## PROBLEM DETAILS:
From the records below, output exactly the lines running from the line containing "Line((5.8, 6.1220658074), (8.1622776602, 6.1220658074))" through the line containing "6.8532913966), (8.5, 7.6220658074))", and no others.

## EXERCISE MATERIAL:
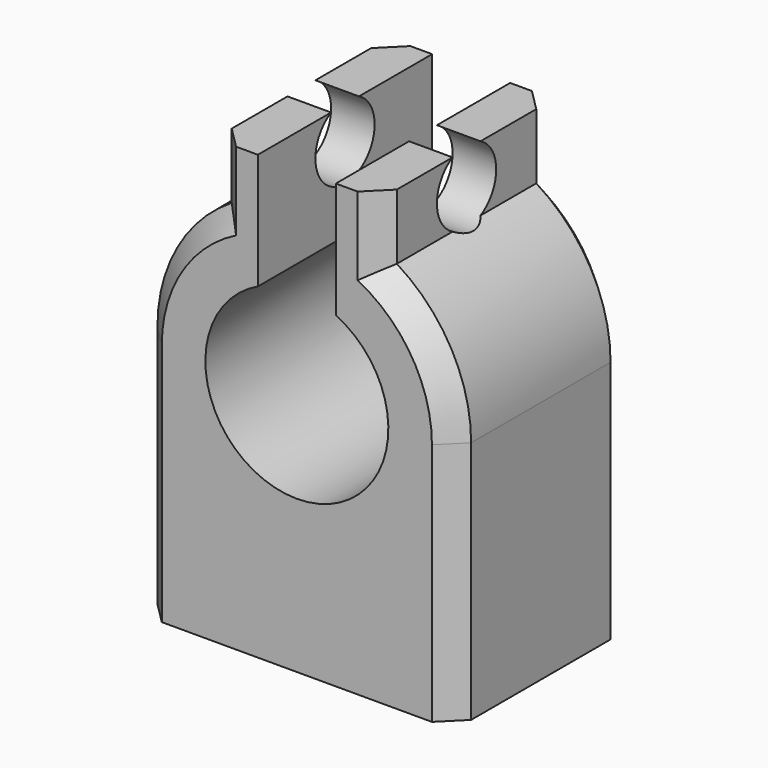
from build123d import *

# Parameters (mm, degrees)
F1_DEPTH = 10
F3_DEPTH = 4
F4_DEPTH = 20
F5_R     = 1.2
F6_DEPTH = 6
F7_SIZE  = 1


with BuildPart() as f1:
    # F0 (on Front) → F1 (new body)
    with BuildSketch(Plane.XZ):
        with BuildLine():
            ThreePointArc((1.7895, 3.7996960076), (0, -4.2), (-1.7895, 3.7996960076))
            Line((-1.7895, 3.7996960076), (-1.7895, 6.9740726803))
            Line((-1.7895, 6.9740726803), (-1.7895, 9.1220658074))
            Line((-1.7895, 9.1220658074), (-3.7895, 9.1220658074))
            Line((-3.7895, 9.1220658074), (-3.7895, 6.1220658074))
            ThreePointArc((-3.7895, 6.1220658074), (-6.2898489648, 3.5039691779), (-7.2, 0))
            Line((-7.2, 0), (-7.2, -11.2))
            Line((-7.2, -11.2), (7.2, -11.2))
            Line((7.2, -11.2), (7.2, 0))
            ThreePointArc((7.2, 0), (6.2898489648, 3.5039691779), (3.7895, 6.1220658074))
            Line((3.7895, 6.1220658074), (3.7895, 9.1220658074))
            Line((3.7895, 9.1220658074), (1.7895, 9.1220658074))
            Line((1.7895, 9.1220658074), (1.7895, 6.9740726803))
            Line((1.7895, 6.9740726803), (1.7895, 3.7996960076))
        make_face()
    extrude(amount=F1_DEPTH)

    # F2 (on face) → F3 (cut)
    with BuildSketch(Plane(origin=(-3.7895, 0, 0), x_dir=(0, -1, 0), z_dir=(-1, 0, 0))):
        with BuildLine():
            ThreePointArc((5.8, 9.1220658074), (6.4577379737, 8.4967085916), (6.7, 7.6220658074))
            ThreePointArc((6.7, 7.6220658074), (6.4577379737, 6.7474230232), (5.8, 6.1220658074))
            Line((5.8, 6.1220658074), (8.1622776602, 6.1220658074))
            ThreePointArc((8.1622776602, 6.1220658074), (8.4145257219, 6.8532913966), (8.5, 7.6220658074))
            ThreePointArc((8.5, 7.6220658074), (8.4145257219, 8.3908402182), (8.1622776602, 9.1220658074))
            Line((8.1622776602, 9.1220658074), (5.8, 9.1220658074))
        make_face()
        with BuildLine():
            ThreePointArc((4.2, 9.1220658074), (5, 9.3220658074), (5.8, 9.1220658074))
            Line((5.8, 9.1220658074), (8.1622776602, 9.1220658074))
            ThreePointArc((8.1622776602, 9.1220658074), (5, 11.1220658074), (1.8377223398, 9.1220658074))
            Line((1.8377223398, 9.1220658074), (4.2, 9.1220658074))
        make_face()
        with BuildLine():
            Line((8.1622776602, 6.1220658074), (5.8, 6.1220658074))
            ThreePointArc((5.8, 6.1220658074), (5, 5.9220658074), (4.2, 6.1220658074))
            Line((4.2, 6.1220658074), (1.8377223398, 6.1220658074))
            ThreePointArc((1.8377223398, 6.1220658074), (5, 4.1220658074), (8.1622776602, 6.1220658074))
        make_face()
        with BuildLine():
            ThreePointArc((4.2, 6.1220658074), (3.3, 7.6220658074), (4.2, 9.1220658074))
            Line((4.2, 9.1220658074), (1.8377223398, 9.1220658074))
            ThreePointArc((1.8377223398, 9.1220658074), (1.5, 7.6220658074), (1.8377223398, 6.1220658074))
            Line((1.8377223398, 6.1220658074), (4.2, 6.1220658074))
        make_face()
    extrude(amount=F3_DEPTH, mode=Mode.SUBTRACT)

    # F2 (on face) → F4 (cut, symmetric)
    with BuildSketch(Plane(origin=(-3.7895, 0, 0), x_dir=(0, -1, 0), z_dir=(-1, 0, 0))):
        with BuildLine():
            Line((4.2, 9.1220658074), (5.8, 9.1220658074))
            ThreePointArc((5.8, 9.1220658074), (5, 9.3220658074), (4.2, 9.1220658074))
        make_face()
        with BuildLine():
            ThreePointArc((5.8, 6.1220658074), (6.4577379737, 6.7474230232), (6.7, 7.6220658074))
            ThreePointArc((6.7, 7.6220658074), (6.4577379737, 8.4967085916), (5.8, 9.1220658074))
            Line((5.8, 9.1220658074), (4.2, 9.1220658074))
            ThreePointArc((4.2, 9.1220658074), (3.3, 7.6220658074), (4.2, 6.1220658074))
            Line((4.2, 6.1220658074), (5.8, 6.1220658074))
        make_face()
        with BuildLine():
            ThreePointArc((4.2, 6.1220658074), (5, 5.9220658074), (5.8, 6.1220658074))
            Line((5.8, 6.1220658074), (4.2, 6.1220658074))
        make_face()
    extrude(amount=F4_DEPTH, both=True, mode=Mode.SUBTRACT)

    # F5 (on face) → F6 (cut)
    with BuildSketch(Plane(origin=(0, 0, -11.2), x_dir=(1, 0, 0), z_dir=(0, 0, -1))):
        with Locations((-5, 3.5)):
            Circle(F5_R)
        with Locations((5, 3.5)):
            Circle(F5_R)
    extrude(amount=-F6_DEPTH, mode=Mode.SUBTRACT)

    # F7
    f7_edges = [f1.edges().sort_by_distance(p)[0] for p in [
        (7.2, 0, -5.6),
        (7.2, -10, -5.6),
        (-7.2, -10, -5.6),
        (-7.2, 0, -5.6),
        (3.7895, -10, 7.622066),
        (3.7895, 0, 7.622066),
        (-3.7895, -10, 7.622066),
        (-3.7895, 0, 7.622066),
        (-6.289849, 0, 3.503969),
        (6.289849, 0, 3.503969),
        (-6.289849, -10, 3.503969),
        (6.289849, -10, 3.503969),
    ]]
    chamfer(f7_edges, length=F7_SIZE)


solid = f1.part

## WORKED SOLUTION:
            Line((5.8, 6.1220658074), (8.1622776602, 6.1220658074))
            ThreePointArc((8.1622776602, 6.1220658074), (8.4145257219, 6.8532913966), (8.5, 7.6220658074))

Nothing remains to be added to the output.